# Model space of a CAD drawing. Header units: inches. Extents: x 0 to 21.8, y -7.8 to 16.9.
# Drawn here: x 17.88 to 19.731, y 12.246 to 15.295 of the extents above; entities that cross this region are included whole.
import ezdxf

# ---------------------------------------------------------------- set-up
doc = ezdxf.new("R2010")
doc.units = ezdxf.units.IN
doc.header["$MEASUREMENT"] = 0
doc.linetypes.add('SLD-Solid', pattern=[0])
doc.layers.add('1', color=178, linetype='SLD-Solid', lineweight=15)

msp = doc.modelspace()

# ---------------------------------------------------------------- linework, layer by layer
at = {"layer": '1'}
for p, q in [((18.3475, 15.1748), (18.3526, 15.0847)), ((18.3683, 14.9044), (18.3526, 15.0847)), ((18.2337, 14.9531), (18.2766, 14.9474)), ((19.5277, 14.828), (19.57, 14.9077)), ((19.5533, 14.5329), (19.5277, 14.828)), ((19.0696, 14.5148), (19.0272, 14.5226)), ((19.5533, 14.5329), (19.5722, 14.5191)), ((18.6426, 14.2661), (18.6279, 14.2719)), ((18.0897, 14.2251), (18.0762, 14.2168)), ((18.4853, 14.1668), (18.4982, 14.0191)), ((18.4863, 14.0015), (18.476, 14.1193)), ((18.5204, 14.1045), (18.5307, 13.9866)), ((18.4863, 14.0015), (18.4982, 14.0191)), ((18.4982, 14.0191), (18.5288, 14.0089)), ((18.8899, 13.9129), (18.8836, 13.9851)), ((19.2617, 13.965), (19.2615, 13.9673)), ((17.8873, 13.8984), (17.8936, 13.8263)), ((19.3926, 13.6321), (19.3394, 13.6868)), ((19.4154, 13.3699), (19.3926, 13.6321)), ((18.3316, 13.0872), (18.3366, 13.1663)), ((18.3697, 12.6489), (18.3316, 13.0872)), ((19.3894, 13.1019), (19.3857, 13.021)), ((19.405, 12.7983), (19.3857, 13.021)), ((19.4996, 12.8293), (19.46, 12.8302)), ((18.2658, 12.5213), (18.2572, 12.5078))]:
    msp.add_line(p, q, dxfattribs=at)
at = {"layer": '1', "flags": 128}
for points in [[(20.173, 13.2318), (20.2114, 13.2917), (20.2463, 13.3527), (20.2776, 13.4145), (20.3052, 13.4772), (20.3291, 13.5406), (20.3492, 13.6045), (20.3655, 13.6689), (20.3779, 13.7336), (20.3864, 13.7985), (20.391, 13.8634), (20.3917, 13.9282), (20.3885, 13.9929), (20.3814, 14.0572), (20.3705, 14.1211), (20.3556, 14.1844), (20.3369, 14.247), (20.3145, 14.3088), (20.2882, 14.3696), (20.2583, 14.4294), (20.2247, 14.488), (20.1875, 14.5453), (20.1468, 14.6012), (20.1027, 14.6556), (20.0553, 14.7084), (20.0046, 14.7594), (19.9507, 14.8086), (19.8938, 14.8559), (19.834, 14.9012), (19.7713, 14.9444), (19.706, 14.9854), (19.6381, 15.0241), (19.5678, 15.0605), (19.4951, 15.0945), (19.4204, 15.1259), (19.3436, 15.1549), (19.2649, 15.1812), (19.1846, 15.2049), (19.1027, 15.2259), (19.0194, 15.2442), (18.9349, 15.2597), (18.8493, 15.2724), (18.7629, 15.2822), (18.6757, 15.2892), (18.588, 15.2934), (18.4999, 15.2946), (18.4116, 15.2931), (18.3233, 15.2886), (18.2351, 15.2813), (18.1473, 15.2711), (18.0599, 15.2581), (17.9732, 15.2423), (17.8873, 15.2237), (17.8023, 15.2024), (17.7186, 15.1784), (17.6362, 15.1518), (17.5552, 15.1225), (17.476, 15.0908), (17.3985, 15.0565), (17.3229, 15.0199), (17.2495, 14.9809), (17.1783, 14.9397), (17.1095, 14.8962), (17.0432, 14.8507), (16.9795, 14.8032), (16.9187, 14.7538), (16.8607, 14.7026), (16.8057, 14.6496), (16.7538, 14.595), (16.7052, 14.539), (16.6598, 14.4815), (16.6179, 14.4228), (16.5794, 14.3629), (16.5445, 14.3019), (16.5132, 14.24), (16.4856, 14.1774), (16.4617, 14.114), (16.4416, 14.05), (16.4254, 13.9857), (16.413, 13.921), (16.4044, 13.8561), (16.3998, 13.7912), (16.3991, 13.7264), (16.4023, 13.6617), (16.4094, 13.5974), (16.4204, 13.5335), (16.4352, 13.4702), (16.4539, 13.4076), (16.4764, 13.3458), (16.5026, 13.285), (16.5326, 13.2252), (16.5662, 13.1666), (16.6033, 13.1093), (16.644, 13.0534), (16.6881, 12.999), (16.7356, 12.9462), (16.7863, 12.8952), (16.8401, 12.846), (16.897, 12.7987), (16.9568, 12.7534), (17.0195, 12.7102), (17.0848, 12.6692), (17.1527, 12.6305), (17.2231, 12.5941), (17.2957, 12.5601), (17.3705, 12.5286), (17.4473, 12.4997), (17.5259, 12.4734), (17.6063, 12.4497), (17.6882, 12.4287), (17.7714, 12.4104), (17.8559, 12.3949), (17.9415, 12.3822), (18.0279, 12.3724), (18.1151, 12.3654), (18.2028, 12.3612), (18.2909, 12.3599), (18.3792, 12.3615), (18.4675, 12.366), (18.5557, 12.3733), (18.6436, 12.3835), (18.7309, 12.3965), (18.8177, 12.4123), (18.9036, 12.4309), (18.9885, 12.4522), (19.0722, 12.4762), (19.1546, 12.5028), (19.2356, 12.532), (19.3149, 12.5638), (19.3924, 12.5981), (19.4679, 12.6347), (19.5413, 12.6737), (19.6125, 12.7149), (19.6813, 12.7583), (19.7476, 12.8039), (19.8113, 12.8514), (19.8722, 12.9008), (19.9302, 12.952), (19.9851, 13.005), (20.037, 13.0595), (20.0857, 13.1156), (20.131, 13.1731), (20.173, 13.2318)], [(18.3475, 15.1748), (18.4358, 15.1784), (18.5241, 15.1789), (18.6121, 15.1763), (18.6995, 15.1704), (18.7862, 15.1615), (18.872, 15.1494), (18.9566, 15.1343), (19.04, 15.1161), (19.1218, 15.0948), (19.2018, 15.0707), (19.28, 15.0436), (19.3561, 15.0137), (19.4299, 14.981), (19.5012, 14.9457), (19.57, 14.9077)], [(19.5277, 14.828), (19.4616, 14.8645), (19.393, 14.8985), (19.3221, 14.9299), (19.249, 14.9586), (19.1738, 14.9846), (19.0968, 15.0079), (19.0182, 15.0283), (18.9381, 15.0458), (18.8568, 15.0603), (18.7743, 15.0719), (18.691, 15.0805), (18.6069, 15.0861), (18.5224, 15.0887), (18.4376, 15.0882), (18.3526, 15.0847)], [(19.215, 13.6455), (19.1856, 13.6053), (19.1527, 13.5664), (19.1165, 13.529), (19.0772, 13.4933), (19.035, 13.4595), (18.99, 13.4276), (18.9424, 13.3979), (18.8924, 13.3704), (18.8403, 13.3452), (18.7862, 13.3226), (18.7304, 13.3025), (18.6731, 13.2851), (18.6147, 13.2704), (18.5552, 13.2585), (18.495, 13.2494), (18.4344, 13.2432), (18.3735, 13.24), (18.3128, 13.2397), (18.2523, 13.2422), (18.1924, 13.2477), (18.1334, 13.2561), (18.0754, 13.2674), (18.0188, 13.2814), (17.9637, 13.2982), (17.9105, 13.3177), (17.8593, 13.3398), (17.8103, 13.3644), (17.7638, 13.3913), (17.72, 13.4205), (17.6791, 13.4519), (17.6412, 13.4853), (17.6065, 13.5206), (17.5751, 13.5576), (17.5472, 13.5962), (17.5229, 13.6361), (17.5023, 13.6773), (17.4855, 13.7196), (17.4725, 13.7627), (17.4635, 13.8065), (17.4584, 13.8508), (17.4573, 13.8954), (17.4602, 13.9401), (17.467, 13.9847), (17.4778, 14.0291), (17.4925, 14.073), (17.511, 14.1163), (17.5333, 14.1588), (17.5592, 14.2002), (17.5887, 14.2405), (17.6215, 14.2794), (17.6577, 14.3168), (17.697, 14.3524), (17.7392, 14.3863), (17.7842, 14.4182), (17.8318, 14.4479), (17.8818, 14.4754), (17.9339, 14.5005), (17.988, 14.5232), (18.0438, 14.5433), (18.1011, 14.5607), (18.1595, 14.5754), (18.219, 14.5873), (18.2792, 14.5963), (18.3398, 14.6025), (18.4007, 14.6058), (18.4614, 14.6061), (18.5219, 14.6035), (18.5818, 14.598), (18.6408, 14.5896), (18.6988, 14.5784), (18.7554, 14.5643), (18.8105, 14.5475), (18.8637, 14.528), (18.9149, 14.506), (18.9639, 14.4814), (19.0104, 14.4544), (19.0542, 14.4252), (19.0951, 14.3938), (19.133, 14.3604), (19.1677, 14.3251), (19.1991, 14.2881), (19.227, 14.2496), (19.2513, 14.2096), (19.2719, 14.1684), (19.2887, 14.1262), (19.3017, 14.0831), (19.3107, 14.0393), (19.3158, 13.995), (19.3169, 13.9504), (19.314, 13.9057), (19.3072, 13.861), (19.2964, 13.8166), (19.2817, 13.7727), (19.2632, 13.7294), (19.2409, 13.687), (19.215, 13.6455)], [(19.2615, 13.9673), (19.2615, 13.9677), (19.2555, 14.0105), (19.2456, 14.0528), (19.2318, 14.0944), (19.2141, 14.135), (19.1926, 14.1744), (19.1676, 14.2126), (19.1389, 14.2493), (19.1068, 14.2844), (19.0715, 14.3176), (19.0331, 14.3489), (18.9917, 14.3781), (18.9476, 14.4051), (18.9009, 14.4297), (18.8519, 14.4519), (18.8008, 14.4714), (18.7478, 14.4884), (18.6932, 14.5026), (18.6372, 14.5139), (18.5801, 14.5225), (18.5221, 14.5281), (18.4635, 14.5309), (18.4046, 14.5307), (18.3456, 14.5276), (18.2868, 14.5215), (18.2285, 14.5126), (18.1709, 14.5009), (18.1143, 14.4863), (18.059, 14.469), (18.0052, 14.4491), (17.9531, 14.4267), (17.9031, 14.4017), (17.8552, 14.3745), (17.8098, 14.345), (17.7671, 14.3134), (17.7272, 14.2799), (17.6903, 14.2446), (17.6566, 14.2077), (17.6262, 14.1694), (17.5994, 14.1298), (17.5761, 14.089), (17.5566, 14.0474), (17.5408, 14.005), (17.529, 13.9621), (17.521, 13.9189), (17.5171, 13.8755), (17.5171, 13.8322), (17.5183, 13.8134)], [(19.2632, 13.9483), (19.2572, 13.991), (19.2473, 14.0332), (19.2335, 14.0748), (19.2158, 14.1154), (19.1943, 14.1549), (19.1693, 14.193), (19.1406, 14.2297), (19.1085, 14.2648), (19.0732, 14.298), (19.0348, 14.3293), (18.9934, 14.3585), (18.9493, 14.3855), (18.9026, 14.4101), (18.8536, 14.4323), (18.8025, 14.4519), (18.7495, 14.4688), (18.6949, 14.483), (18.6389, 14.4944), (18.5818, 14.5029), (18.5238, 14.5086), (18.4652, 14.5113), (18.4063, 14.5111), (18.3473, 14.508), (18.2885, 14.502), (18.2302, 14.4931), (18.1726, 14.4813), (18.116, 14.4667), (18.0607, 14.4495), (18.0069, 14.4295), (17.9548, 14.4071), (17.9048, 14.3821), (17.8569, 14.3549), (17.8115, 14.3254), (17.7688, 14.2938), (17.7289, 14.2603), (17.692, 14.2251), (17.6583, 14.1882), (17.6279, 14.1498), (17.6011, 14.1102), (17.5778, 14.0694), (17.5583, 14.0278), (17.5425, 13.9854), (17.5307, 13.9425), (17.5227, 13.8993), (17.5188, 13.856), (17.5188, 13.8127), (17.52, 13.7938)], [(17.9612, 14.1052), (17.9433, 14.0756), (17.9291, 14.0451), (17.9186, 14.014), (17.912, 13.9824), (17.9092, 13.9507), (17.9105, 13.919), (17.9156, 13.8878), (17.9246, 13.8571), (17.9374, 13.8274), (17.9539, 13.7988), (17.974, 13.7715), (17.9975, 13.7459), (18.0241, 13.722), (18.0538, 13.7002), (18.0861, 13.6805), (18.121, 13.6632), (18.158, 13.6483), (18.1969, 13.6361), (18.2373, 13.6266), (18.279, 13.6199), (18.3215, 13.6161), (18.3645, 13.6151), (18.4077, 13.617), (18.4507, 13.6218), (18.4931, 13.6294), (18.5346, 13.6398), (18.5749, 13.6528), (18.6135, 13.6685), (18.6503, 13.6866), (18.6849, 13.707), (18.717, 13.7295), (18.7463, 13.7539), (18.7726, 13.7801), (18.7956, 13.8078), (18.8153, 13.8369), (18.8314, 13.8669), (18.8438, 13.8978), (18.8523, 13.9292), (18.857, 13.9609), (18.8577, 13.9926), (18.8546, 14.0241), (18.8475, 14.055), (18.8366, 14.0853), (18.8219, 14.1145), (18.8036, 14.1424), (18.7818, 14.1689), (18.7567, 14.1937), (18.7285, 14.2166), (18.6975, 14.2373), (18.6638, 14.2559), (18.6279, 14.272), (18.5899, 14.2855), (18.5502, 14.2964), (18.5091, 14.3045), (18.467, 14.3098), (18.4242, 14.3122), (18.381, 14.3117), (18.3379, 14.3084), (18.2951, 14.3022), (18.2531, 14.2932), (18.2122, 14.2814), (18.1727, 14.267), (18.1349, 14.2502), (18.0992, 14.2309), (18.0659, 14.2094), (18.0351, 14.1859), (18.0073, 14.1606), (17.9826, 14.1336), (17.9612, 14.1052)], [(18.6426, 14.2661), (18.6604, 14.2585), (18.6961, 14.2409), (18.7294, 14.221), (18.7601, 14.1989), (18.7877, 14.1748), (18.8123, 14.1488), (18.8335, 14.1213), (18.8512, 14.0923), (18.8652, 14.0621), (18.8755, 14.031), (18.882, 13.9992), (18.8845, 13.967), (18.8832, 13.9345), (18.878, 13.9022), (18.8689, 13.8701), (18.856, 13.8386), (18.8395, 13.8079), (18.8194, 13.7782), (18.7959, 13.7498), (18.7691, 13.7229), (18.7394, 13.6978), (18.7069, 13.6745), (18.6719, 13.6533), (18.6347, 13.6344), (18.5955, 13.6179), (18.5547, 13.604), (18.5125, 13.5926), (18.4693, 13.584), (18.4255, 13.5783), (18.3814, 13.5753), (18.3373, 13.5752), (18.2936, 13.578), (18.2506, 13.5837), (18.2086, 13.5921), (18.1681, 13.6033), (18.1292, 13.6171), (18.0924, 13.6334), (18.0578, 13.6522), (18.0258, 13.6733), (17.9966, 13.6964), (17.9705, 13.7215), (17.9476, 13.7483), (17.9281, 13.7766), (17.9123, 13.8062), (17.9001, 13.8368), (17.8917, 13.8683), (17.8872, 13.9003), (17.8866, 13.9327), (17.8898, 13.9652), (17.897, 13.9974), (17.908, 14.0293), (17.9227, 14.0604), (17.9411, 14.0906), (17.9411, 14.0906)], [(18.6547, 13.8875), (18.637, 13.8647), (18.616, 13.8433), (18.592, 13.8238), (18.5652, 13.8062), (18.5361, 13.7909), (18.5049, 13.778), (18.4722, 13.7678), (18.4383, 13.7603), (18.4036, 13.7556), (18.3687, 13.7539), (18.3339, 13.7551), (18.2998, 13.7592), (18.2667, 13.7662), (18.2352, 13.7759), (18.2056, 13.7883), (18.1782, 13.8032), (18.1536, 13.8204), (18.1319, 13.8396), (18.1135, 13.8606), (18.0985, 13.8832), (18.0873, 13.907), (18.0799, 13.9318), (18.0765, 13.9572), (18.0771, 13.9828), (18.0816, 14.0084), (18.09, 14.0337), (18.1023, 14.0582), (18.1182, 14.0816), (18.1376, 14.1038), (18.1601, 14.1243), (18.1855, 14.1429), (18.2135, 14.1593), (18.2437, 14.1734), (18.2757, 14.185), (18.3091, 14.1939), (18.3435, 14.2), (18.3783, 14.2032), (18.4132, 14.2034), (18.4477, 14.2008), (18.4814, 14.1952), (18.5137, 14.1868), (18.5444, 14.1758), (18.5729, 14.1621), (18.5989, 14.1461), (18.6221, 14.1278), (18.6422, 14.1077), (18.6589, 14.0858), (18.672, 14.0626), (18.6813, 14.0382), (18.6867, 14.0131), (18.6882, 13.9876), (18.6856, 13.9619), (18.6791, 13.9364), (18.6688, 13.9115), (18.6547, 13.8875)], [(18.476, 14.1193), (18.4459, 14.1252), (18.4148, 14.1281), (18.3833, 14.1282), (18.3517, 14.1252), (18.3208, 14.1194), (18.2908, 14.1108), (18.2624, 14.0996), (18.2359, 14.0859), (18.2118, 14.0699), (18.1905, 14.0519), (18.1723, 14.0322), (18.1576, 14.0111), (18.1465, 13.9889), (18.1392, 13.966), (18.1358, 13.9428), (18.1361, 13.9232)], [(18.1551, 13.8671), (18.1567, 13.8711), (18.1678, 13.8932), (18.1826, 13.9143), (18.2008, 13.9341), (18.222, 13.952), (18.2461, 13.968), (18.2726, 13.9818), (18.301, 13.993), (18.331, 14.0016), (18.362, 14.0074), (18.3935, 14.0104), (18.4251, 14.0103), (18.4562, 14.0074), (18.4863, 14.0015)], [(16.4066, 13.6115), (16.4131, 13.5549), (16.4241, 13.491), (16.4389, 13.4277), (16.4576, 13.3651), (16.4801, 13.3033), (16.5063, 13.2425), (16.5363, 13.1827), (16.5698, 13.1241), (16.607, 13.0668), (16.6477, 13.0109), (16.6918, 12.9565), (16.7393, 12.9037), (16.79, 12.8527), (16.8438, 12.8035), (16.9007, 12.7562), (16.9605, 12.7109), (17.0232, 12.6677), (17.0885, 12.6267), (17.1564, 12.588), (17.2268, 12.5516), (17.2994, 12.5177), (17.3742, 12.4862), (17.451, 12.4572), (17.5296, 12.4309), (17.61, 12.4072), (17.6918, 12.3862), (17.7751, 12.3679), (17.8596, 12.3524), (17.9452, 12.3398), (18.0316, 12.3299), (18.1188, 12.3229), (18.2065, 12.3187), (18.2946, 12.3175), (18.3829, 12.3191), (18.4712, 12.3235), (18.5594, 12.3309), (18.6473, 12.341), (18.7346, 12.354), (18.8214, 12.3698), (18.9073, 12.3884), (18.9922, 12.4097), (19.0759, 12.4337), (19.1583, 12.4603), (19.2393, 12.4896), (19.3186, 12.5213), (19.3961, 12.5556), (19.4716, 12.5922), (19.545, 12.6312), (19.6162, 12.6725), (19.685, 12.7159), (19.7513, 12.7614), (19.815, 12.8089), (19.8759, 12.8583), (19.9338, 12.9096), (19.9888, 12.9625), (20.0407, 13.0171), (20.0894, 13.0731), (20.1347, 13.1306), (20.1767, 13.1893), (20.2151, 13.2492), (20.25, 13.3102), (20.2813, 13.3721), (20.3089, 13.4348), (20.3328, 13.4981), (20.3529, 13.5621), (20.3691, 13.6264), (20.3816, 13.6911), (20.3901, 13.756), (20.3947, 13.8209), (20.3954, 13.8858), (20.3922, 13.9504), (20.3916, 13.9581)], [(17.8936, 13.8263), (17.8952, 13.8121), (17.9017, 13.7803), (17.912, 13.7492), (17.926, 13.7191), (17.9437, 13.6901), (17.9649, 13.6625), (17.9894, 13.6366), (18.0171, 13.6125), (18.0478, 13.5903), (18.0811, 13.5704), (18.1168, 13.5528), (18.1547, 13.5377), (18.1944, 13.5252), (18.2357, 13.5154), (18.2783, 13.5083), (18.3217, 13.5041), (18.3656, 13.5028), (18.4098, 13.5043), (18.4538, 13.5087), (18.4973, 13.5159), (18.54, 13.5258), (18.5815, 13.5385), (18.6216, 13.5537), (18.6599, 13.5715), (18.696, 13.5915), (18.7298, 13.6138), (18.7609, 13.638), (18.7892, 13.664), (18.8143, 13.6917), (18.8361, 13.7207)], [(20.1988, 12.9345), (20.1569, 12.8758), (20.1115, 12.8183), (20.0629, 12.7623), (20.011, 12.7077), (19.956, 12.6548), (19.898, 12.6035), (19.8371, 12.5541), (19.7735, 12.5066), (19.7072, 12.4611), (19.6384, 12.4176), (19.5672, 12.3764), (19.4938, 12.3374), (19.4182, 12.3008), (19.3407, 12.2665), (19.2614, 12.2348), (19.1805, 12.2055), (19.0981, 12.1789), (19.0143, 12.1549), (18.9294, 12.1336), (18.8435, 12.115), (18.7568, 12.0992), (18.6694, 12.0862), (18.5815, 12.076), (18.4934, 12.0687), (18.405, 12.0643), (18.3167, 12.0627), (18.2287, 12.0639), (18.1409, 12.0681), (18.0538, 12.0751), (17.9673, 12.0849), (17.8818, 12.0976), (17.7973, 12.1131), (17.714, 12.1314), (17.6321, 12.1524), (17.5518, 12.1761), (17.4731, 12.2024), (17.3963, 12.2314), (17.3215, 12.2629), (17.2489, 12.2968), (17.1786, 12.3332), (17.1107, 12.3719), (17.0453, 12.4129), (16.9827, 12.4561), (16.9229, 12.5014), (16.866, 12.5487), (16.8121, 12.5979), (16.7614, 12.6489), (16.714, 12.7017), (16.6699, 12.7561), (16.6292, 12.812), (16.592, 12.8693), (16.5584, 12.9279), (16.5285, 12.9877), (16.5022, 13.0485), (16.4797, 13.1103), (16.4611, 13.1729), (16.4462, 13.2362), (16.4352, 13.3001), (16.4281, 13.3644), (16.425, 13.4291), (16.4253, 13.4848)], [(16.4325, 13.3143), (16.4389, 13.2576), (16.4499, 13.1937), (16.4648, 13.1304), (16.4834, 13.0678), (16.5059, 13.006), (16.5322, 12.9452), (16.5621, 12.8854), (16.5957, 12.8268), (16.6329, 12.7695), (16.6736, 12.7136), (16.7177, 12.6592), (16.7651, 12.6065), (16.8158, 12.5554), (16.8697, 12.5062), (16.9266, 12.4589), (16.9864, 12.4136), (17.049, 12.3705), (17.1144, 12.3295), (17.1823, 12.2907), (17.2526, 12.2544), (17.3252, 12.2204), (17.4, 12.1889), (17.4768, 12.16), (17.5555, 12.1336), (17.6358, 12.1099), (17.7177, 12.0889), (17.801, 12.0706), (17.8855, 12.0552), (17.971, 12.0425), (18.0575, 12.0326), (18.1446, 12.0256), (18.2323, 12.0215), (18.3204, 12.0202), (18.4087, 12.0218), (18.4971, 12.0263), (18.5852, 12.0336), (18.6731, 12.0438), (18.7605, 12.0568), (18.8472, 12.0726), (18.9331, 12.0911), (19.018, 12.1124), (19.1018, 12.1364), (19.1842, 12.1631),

-.-.-

Scan the records above for the string "Solid", then select every line that holds it.

doc.linetypes.add('SLD-Solid', pattern=[0])
doc.layers.add('1', color=178, linetype='SLD-Solid', lineweight=15)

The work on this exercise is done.